On any given silicon process, as you make the individual die bigger and bigger, yield drops. Unfortunately, it drops exponentially. So, as you pack more logic onto a single chip, you hit a point – or more like a wall – where the chip is no longer economical to produce. By fabricating smaller monolithic “slices” and combining them into bigger FPGAs, the effective yield goes up. Higher yield means lower cost at the same density, or higher density at the same cost. Of course, interposers, through-silicon vias, and micro-bumps aren’t free, so we have to balance out the additional cost of the advanced packaging against the reduced cost due to increased yield. Xilinx says there are some additional benefits from the interposer layer – like solving some tricky problems with packaging high-k metal gate silicon.

What does it mean to the average FPGA user?

Xilinx claims that the design flow for these devices will be the same as the design flow for monolithic FPGAs. If we fuzz our eyes, we can see some basis for this claim. The company’s FPGAs have used a column-based architecture (called ASMBL) for the past couple of generations. WIth the ASMBL architecture, the design tools already had to deal with resources arranged in columns with varying types of interconnect required for various routes – depending on whether the connection was in the same CLB, in the same column, or elsewhere on the chip. The introduction of the interposer layer may add some additional cost functions to the placer and router, but it shouldn’t change the fundamental design approach.

However, even though 10,000 connections between slices is a lot, it’s probably still a lot less than the number of routes that would have existed between those columns on a monolithic device of the same density. Therefore, some additional intelligence is required in the placer, the router, and potentially from the user (via floorplanning) to be sure that the interposer isn’t overtaxed. Behind the scenes, life is likely to be more difficult for design tools trying to sort out issues like placement, global routing, and clock distribution. We expect there is the potential for lower utilization for some categories of designs that might not partition cleanly into the number of slices in a particular device. To help out with that problem, Xilinx is boosting their PlanAhead design planning tool – which should help with allocating resources to slices as well as the larger problem of managing the design of 2 million LUTs – a process that will generally require teams of designers instead of one super-engineer.

If all goes well, then, designing with one of these new devices may feel exactly like designing with a current-generation monolithic FPGA, only bigger. The benefits should be larger devices at lower prices – available sooner in the production cycle of the 28nm process. That is, assuming that Xilinx did the math correctly and that the effective yield increase more than balances the additional cost, complexity, and risk associated with 3D (or perhaps more accurately 2.5D) packaging techniques.

This brings up the question, then, of what is the new limit? If the economics of yield were the previous barrier in determining the biggest FPGA we could buy, and this technique takes yield off the table, what drives the new limit? Xilinx says that power/heat dissipation is the likely new villain. You can put only as many LUTs in one package as the heat you can dissipate. Of course, there are other limitations lurking out there too – like the number of pins you can put on a package.

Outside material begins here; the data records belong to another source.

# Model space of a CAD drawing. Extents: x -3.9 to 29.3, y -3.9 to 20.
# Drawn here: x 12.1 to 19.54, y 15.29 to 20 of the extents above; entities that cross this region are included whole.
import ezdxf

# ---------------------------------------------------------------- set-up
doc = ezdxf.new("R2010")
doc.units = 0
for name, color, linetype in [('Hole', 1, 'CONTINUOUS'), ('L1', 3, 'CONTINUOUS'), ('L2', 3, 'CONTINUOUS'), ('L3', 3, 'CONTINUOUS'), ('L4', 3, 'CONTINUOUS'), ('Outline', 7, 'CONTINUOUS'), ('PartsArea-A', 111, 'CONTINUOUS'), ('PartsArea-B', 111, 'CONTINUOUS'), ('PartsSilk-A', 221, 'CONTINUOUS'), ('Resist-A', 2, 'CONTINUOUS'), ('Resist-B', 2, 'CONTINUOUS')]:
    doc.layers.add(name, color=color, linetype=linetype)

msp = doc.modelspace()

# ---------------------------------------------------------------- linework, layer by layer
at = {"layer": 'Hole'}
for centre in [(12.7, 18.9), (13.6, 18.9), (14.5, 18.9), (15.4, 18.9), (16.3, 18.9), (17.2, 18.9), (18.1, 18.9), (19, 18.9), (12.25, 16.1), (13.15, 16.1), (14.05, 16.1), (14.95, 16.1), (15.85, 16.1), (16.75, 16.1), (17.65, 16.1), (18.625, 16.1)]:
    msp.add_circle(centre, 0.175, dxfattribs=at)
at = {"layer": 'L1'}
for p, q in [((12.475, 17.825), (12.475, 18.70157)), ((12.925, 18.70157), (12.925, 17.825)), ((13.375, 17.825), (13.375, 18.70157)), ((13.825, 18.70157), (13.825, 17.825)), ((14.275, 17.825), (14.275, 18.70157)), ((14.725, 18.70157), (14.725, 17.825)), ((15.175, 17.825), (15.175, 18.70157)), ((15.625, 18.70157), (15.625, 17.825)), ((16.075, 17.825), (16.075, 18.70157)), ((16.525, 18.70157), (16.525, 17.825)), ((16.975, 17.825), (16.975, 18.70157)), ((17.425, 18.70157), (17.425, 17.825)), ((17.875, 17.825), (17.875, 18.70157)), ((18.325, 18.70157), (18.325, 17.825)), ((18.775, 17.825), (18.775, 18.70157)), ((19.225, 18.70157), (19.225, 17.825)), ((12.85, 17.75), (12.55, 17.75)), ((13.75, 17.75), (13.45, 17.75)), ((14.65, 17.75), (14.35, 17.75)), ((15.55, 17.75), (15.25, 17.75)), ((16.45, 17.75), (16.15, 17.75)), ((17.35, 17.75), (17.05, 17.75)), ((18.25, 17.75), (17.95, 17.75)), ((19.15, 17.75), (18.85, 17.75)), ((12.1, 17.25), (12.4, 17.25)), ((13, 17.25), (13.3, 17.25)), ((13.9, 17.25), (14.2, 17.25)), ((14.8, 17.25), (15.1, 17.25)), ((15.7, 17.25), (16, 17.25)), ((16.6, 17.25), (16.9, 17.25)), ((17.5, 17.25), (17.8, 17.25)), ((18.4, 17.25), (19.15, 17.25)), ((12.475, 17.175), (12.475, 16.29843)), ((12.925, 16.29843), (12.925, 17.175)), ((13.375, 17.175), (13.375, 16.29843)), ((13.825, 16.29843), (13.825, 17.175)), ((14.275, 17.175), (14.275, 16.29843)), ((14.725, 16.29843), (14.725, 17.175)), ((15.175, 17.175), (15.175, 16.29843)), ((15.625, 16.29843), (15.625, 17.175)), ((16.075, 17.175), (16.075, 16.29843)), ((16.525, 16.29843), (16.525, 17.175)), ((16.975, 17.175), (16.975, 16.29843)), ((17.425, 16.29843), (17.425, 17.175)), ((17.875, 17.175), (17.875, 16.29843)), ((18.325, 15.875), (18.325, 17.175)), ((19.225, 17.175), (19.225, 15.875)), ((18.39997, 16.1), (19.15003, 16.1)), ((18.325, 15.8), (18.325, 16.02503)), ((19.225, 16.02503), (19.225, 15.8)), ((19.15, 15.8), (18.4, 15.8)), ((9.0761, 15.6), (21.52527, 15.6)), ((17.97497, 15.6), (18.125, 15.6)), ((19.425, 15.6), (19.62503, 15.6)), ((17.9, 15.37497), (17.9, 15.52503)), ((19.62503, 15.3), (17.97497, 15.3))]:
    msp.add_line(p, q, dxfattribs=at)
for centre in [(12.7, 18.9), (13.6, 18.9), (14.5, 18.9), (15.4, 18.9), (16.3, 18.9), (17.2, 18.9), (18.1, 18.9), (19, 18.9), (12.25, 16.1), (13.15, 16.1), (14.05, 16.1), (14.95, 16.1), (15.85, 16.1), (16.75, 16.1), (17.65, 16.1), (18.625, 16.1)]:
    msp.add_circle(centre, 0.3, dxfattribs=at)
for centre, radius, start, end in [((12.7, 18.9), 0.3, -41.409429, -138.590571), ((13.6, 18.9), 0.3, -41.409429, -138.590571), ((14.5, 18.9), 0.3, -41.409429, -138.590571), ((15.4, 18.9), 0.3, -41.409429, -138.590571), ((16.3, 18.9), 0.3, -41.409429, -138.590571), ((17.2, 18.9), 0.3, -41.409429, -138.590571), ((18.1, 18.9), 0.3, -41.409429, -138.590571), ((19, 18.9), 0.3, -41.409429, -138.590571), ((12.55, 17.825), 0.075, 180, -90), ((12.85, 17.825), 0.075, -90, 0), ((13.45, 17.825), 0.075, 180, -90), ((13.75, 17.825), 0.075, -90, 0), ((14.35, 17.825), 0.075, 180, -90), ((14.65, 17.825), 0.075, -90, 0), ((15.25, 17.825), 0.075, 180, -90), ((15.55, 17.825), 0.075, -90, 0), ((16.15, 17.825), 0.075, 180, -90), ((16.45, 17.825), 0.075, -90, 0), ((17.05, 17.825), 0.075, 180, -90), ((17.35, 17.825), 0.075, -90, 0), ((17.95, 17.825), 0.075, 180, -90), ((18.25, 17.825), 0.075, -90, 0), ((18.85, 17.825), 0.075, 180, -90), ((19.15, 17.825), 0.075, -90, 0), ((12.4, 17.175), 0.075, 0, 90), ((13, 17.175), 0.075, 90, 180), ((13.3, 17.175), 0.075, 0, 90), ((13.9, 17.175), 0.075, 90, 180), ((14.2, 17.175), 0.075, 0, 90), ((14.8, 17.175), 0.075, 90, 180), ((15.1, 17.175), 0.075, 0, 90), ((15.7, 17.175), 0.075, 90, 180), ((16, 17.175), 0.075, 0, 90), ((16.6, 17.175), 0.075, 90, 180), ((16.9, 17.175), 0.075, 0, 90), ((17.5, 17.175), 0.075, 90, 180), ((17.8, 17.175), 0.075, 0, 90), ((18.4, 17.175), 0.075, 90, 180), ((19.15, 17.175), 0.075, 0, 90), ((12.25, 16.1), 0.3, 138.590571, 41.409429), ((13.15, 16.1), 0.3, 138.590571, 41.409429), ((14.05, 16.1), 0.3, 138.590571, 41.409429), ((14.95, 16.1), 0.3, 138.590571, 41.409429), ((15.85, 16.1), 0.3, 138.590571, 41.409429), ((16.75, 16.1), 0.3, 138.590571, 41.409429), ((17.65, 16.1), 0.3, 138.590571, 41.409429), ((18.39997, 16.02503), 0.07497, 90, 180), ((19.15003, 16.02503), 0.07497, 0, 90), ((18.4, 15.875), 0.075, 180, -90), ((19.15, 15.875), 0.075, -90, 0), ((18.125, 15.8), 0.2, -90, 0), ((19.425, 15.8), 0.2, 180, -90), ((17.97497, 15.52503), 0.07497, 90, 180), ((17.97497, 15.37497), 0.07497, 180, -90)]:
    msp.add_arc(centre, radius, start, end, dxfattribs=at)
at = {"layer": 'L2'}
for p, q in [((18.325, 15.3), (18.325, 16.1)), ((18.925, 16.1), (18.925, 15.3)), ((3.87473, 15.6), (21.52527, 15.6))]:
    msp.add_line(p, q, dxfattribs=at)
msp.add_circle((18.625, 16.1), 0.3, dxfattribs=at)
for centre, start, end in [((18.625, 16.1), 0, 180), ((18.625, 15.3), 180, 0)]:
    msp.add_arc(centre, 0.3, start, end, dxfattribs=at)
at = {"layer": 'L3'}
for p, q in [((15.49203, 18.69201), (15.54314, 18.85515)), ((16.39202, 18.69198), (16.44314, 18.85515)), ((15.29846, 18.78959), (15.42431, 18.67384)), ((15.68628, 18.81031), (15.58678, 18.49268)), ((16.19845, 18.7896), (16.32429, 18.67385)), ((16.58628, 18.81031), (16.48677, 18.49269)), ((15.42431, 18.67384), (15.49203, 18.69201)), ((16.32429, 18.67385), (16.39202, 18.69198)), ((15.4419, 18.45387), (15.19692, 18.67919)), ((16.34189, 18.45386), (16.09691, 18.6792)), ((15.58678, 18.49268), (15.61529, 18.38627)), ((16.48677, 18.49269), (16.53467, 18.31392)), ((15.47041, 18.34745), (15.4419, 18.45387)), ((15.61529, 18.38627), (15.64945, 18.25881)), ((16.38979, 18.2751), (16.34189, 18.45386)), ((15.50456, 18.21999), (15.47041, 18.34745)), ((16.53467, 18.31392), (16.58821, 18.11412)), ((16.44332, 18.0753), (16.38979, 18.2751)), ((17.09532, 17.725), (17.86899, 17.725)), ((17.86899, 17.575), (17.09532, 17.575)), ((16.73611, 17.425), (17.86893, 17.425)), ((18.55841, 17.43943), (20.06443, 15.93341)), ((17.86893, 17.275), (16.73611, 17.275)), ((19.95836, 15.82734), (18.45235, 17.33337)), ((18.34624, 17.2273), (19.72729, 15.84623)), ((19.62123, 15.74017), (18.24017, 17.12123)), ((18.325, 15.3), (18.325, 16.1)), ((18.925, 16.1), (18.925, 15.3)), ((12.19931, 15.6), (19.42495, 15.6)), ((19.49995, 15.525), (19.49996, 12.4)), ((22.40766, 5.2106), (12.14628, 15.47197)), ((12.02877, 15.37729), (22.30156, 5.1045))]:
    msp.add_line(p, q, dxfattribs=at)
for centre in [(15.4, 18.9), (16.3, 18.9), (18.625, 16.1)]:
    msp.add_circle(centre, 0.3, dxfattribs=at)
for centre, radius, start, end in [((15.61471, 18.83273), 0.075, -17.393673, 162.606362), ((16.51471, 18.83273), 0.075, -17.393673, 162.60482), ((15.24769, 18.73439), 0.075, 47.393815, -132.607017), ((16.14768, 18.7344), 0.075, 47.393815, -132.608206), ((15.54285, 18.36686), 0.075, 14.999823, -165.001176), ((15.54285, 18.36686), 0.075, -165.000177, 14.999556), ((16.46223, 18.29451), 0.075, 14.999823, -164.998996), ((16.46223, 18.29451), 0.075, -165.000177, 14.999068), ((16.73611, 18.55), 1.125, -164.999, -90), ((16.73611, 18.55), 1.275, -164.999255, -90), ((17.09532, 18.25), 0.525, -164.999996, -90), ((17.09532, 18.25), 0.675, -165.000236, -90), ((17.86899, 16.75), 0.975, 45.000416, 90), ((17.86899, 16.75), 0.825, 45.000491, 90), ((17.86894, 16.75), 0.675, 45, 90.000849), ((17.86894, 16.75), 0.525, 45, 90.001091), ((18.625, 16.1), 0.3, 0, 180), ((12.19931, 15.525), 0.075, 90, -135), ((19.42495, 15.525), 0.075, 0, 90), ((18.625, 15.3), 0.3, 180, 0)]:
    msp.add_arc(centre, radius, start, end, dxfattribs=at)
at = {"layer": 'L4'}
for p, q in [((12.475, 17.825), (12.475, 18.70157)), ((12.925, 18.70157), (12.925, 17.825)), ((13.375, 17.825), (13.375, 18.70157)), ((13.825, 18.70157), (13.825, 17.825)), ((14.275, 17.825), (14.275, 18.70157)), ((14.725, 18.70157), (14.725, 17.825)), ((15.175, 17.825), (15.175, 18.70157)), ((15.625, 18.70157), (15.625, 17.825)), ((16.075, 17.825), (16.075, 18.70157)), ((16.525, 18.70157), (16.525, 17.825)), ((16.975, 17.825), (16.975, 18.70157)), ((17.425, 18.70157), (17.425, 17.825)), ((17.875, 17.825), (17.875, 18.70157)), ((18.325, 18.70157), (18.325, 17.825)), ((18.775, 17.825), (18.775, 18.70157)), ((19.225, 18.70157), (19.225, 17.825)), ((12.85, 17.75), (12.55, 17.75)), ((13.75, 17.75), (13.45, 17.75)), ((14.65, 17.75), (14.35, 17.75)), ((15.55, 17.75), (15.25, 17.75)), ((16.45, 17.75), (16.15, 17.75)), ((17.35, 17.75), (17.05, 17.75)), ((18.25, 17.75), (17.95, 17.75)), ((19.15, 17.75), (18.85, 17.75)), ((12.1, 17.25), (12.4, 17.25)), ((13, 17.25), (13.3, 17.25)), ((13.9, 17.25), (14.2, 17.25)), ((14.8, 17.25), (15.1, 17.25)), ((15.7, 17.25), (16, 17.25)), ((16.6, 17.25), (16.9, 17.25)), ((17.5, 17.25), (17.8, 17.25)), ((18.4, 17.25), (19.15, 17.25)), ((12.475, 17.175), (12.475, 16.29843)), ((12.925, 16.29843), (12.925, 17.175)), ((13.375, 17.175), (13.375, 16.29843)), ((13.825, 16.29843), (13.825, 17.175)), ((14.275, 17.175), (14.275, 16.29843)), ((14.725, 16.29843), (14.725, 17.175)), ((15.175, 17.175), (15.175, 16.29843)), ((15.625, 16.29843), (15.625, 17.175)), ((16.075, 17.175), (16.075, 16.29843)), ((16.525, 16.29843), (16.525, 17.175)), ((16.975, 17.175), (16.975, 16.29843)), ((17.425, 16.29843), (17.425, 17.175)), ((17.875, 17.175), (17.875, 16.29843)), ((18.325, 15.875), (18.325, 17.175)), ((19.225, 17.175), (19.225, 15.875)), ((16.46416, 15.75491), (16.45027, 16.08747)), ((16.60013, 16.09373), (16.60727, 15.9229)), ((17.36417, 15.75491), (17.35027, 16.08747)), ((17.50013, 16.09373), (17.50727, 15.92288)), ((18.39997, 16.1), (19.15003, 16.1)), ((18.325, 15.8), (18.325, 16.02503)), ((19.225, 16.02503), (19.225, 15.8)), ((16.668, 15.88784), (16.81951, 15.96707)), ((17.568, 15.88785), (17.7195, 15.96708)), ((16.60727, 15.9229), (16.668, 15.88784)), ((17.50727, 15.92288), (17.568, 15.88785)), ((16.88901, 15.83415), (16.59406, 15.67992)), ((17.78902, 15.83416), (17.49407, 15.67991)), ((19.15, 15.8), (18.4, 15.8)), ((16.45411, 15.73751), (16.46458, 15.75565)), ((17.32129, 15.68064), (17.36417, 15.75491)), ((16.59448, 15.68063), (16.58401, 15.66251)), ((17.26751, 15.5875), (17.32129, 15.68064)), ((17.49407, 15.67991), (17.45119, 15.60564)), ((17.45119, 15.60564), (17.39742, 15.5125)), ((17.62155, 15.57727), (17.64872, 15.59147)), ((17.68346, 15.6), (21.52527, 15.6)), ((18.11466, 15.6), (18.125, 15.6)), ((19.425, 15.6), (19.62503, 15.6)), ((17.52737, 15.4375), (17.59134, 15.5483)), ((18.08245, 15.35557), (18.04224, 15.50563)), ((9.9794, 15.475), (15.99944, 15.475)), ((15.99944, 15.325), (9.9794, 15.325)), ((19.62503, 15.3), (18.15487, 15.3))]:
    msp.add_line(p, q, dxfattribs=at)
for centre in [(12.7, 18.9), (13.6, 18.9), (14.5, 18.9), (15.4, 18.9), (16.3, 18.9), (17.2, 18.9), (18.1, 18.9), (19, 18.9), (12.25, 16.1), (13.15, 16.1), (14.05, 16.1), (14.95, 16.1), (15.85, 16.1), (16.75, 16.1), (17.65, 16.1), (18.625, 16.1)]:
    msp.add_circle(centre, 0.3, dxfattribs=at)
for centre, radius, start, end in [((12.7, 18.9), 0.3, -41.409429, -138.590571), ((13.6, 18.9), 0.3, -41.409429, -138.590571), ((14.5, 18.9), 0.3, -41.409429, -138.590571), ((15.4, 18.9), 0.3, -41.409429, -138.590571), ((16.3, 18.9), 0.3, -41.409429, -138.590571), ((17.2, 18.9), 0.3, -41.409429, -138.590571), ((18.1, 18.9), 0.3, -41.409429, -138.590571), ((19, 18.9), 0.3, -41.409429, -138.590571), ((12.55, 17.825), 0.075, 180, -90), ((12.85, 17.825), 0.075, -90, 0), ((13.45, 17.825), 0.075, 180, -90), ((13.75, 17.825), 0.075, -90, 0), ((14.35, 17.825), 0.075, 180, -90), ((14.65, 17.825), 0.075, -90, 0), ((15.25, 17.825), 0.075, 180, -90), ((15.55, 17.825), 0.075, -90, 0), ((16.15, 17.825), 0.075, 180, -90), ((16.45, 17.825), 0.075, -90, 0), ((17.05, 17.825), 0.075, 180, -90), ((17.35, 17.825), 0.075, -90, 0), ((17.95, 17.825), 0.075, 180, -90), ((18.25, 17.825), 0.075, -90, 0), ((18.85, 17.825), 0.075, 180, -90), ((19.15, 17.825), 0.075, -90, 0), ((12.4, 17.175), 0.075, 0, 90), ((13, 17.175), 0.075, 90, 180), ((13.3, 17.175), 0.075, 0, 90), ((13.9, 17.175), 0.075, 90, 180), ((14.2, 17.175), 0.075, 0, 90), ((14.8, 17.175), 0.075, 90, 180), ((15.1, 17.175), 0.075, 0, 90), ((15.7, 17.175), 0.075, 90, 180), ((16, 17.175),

Xilinx says this project is the result of five years of work – with test vehicles going back to their 90nm process. The company points out that – even though this is the first time all of these techniques have been used together in something like an FPGA – each step of the process is already mainstream in some application. Therefore, they say, the risk is minimized. Certainly putting together the supply chain was a huge challenge for Xilinx. Xilinx did the design work, of course, and TSMC is the foundry for both the 28nm FPGA slices and the silicon interposer. The package substrate comes from IIBIDEN, and the micro-bumps, die separation, CoC attach and assembly are completed by Amkor. Xilinx then tests the final, packaged part.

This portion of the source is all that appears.